21. Metrics_Clf (Classification Metrics):
    The Metrics_Clf function computes the following classification metrics:

    1. Accuracy: The proportion of correct predictions out of all predictions.
    2. Precision: The proportion of true positive predictions out of all predicted positives.
    3. Recall: The proportion of true positive predictions out of all actual positives.
    4. F1 Score: The harmonic mean of precision and recall, providing a balance between them.
    5. ROC AUC: The area under the Receiver Operating Characteristic (ROC) curve, indicating the model's ability to distinguish between classes.

    def Metrics_Clf(y_train, y_pred_train, y_test, y_pred_test):

    -   y_train: The true labels of the training set.
    -   y_pred_train: The predicted labels for the training set.
    -   y_test: The true labels of the testing set.
    -   y_pred_test: The predicted labels for the testing set.

22. Metrics_Reg (Regression Metrics):
    The Metrics_Reg function computes the following regression metrics:

    1. Mean Absolute Error (MAE): The average of the absolute differences between predicted and actual values.
    2. Mean Squared Error (MSE): The average of the squared differences between predicted and actual values.
    3. Root Mean Squared Error (RMSE): The square root of the Mean Squared Error, which gives an estimate of the standard deviation of the prediction error.
    4. R² Score (Coefficient of Determination): A measure of how well the model explains the variance in the data.

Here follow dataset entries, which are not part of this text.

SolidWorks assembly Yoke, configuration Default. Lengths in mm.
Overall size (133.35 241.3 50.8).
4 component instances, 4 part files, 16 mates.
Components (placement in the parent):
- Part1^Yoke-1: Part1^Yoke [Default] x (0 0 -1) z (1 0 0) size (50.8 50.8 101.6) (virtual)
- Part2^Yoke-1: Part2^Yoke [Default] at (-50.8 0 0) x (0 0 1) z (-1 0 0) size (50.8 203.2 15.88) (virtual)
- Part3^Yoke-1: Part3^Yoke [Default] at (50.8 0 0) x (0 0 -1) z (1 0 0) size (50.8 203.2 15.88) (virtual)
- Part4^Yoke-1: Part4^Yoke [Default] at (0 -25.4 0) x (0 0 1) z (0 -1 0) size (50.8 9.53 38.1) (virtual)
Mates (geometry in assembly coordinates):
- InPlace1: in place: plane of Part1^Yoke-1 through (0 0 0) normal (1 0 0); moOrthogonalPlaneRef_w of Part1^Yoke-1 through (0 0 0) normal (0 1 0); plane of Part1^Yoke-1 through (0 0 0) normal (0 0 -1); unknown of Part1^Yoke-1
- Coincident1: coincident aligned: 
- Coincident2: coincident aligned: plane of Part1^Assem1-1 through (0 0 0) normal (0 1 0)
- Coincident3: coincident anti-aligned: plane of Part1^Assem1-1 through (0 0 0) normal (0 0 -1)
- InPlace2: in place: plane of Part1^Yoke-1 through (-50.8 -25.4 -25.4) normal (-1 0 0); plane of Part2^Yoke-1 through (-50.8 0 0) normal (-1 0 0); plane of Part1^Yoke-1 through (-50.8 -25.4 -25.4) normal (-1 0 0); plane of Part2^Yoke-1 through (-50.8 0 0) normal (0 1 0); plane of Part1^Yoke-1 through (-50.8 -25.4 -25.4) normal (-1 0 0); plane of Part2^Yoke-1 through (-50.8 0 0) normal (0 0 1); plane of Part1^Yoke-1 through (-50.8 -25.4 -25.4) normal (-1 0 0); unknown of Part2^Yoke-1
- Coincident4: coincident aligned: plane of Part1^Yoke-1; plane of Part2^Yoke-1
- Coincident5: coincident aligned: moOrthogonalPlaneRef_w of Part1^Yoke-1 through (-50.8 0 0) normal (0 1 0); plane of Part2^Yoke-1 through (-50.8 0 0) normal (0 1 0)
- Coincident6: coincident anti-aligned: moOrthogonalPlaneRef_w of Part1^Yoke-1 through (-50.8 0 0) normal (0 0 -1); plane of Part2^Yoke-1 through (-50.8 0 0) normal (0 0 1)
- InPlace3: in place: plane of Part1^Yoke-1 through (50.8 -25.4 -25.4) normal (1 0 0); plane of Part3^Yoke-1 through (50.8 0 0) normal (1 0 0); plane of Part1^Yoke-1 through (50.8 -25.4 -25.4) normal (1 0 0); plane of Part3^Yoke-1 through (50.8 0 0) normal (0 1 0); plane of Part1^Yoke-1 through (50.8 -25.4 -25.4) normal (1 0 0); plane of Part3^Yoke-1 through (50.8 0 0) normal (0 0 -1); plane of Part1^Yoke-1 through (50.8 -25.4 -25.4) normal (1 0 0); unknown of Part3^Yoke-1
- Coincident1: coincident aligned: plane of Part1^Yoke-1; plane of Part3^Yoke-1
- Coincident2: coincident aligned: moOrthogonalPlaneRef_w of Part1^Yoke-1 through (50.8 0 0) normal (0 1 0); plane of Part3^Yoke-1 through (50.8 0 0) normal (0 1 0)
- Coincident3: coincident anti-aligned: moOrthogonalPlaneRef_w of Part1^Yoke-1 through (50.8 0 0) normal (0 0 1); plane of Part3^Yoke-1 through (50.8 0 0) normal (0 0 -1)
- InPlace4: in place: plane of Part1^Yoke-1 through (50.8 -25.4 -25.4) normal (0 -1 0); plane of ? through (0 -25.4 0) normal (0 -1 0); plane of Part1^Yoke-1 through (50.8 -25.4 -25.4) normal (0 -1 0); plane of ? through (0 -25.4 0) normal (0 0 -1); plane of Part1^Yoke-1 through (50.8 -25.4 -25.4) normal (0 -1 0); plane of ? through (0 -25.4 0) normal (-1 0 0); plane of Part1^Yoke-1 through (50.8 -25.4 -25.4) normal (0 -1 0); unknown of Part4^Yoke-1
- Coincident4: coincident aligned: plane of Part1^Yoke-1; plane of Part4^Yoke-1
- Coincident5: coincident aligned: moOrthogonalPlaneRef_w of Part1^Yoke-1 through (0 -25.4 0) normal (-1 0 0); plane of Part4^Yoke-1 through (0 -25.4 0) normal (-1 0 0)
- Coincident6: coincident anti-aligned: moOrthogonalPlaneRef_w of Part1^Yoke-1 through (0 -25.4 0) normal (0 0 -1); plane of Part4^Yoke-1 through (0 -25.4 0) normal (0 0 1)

    def Metrics_Reg(y_train, y_pred_train, y_test, y_pred_test):

    -   y_train: The true labels of the training set.
    -   y_pred_train: The predicted labels for the training set.
    -   y_test: The true labels of the testing set.
    -   y_pred_test: The predicted labels for the testing set.

23. TrainEvaluate_Classifier:
    A function to train, evaluate, and print results for any classifier, optionally using resampling and preprocessing.

    def TrainEvaluate_Classifier(model, x_train, y_train, x_test, y_test, preprocessor=None, resampler=None):
    Parameters:

    -   model: Any classifier (e.g., XGBClassifier, RandomForest, etc.)
    -   x_train: Training features
    -   y_train: Training labels
    -   x_test: Testing features
    -   y_test: Testing labels
    -   preprocessor: Any preprocessing steps (like scaling, encoding, etc.)
    -   resampler: Optional resampling technique (e.g., SMOTE, ADASYN, etc.)